I am a cognitive psychologist, true, but I have sympathy for several answers. Behaviorism is alive and most of us are behaviorists. That may be truer of me than many. My theorizing is often rather functional in nature. Some reviewers complain that I don’t have “real theories” or that I am redescribing the data; some have argued that my ideas are too descriptive to be testable; yet others, undercutting the previous point, have busily tested them and found them empirically wrong (hmm … both sets of critics can’t be right, methinks). It is true that I feel comfortable sticking closer to the data and engaging in fewer flights of theoretical fancy than many of my cognitive colleagues, having been partly raised in the functional intellectual tradition of John McGeoch, Arthur Melton, and Robert Crowder.
A few years back, Robert Solso edited a volume entitled Mind and Brain Sciences in the 21st Century (MIT Press) for which I wrote a chapter in which I made fearless predictions on the future of cognitive psychology. My eleventh and last prediction was that a strong form of behaviorism would make a comeback in mainstream psychology. That does mean I believe the movement went “away” in some sense, even if I think that the behaviorist revolution was largely successful and the central tenets have been incorporated into psychology. After all, even the most ardent behaviorist would agree that the great debates that swirled among and between behaviorists in the 1950s do not arise in the mainstream literature today. As John Wixted pointed out in the quote above, cognitive psychologists tend to ignore learning history in their theories. If we at least begin incorporating learning history back into our considerations, then behaviorism will be making a comeback. Still, at the same time, it is clear that many aspects of behaviorism never went anywhere at all. Rather, many psychologists simply ignored the good work researchers in the behaviorist tradition have been doing.

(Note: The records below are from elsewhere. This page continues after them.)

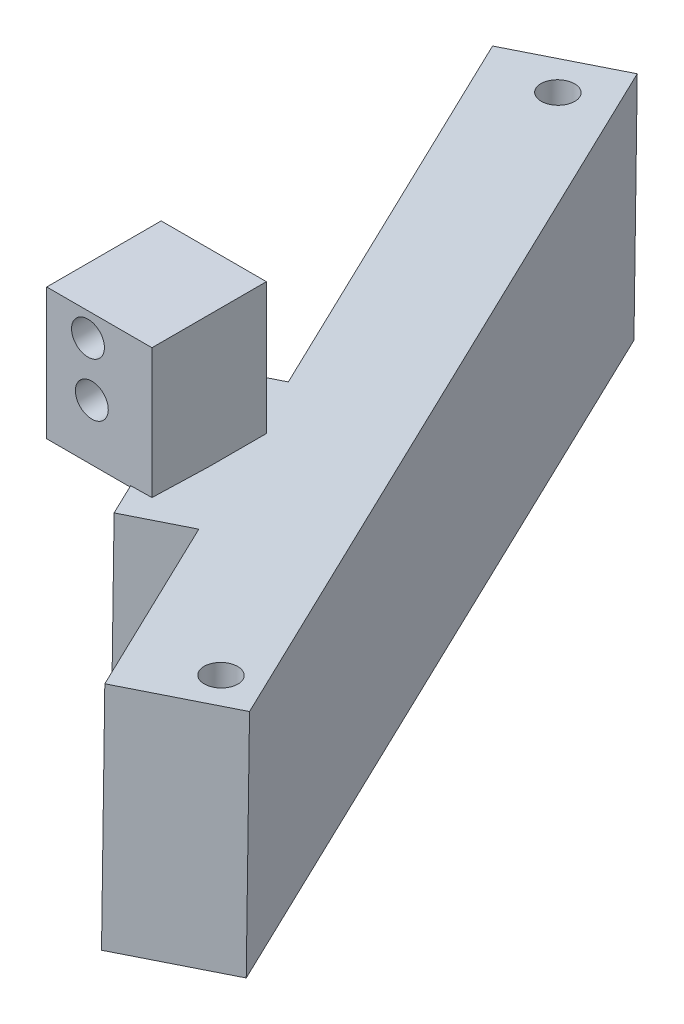
SolidWorks part; units mm, degrees
ref_plane "Front Plane" through (0, 0, 0) normal (0, 0, 1) x (1, 0, 0)
ref_plane "Top Plane" through (0, 0, 0) normal (0, 1, 0) x (1, 0, 0)
ref_plane "Right Plane" through (0, 0, 0) normal (1, 0, 0) x (0, 0, -1)
sketch "Sketch2" plane through (0, 0, 0) normal (0, 0, 1) x (1, 0, 0)
  line L0 (-194.337, 238.2488) -> (-194.337, 212.8488)
  line L1 (-194.337, 212.8488) -> (-174.017, 212.8488)
  line L2 (-174.017, 212.8488) -> (-174.017, 238.2488)
  line L3 (-174.017, 238.2488) -> (-194.337, 238.2488)
  circle A0 centre (-186.3724, 233.6772) radius 3.175
  circle A1 centre (-185.6285, 223.6772) radius 3.175
  dimension "D6" = 6.35
  dimension "D7" = 6.35
  dimension "D1" = 90
  dimension "D2" = 5.08
  dimension "D3" = 20.32
  dimension "D4" = 25.4
  dimension "D5" = 3.175
extrude "Boss-Extrude1" add sketch "Sketch2" along normal up to surface (22.098 mm away)
ref_plane "Plane1" through (-3.3927, 215.0063, -6.5391) normal (-0.0158, 0.9994, -0.0304) x (0.9999, 0.0158, -0.0005)
sketch "Sketch3" plane through (-3.3927, 215.0063, -6.5391) normal (-0.0158, 0.9994, -0.0304) x (0.9999, 0.0158, -0.0005)
  line L7 (-217.4516, 84.0765) -> (-198.8235, 93.3905)
  line L8 (-198.8235, 93.3905) -> (-123.8526, -56.5512)
  line L9 (-123.8526, -56.5512) -> (-142.4817, -65.8658)
  line L10 (-142.4817, -65.8658) -> (-160.6576, -29.5142)
  line L11 (-160.6576, -29.5142) -> (-171.5624, -34.9666)
  line L12 (-171.5624, -34.9666) -> (-188.869, -0.3535)
  line L13 (-188.869, -0.3535) -> (-177.9631, 5.0994)
  line L14 (-177.9631, 5.0994) -> (-217.4516, 84.0765)
  circle A0 centre (-132.9342, -52.9758) radius 3.175
  circle A1 centre (-203.0882, 82.3172) radius 3.175
  circle A2 centre (-132.9342, -52.9758) radius 3.175 construction
  circle A3 centre (-203.0882, 82.3172) radius 3.175 construction
  dimension "D6" = 5.3241
  dimension "D10" = 6.35
  dimension "D11" = 6.35
  dimension "D2" = 20.828
  dimension "D3" = 20.8268
  dimension "D4" = 33.02
  dimension "D5" = 45.115
  dimension "D7" = 167.64
  dimension "D8" = 38.6986
  dimension "D9" = 88.299
  dimension "D12" = 7.2594
extrude "Boss-Extrude2" add sketch "Sketch3" against normal up to surface (43.583 mm away)

Let me suggest a way you can celebrate Skinner’s centennial and learn the elegance and power of behavioristic analyses. Treat yourself and read Skinner’s 50-year old book, Science and Human Behavior, which is still in print. The book was meant as an introduction to behaviorism and is powerfully and elegantly written. The Journal of the Experimental Analysis of Behavior has published five retrospective articles in the November, 2003 issue entitled “The Golden Anniversary of Skinner’s Science and Human Behavior.” Read the book and celebrate the power of behavioristic analyses yourself, even if (or especially if) you are one of those cognitive psychologists who believe that behaviorism is irrelevant, passé and/or dead. It isn’t.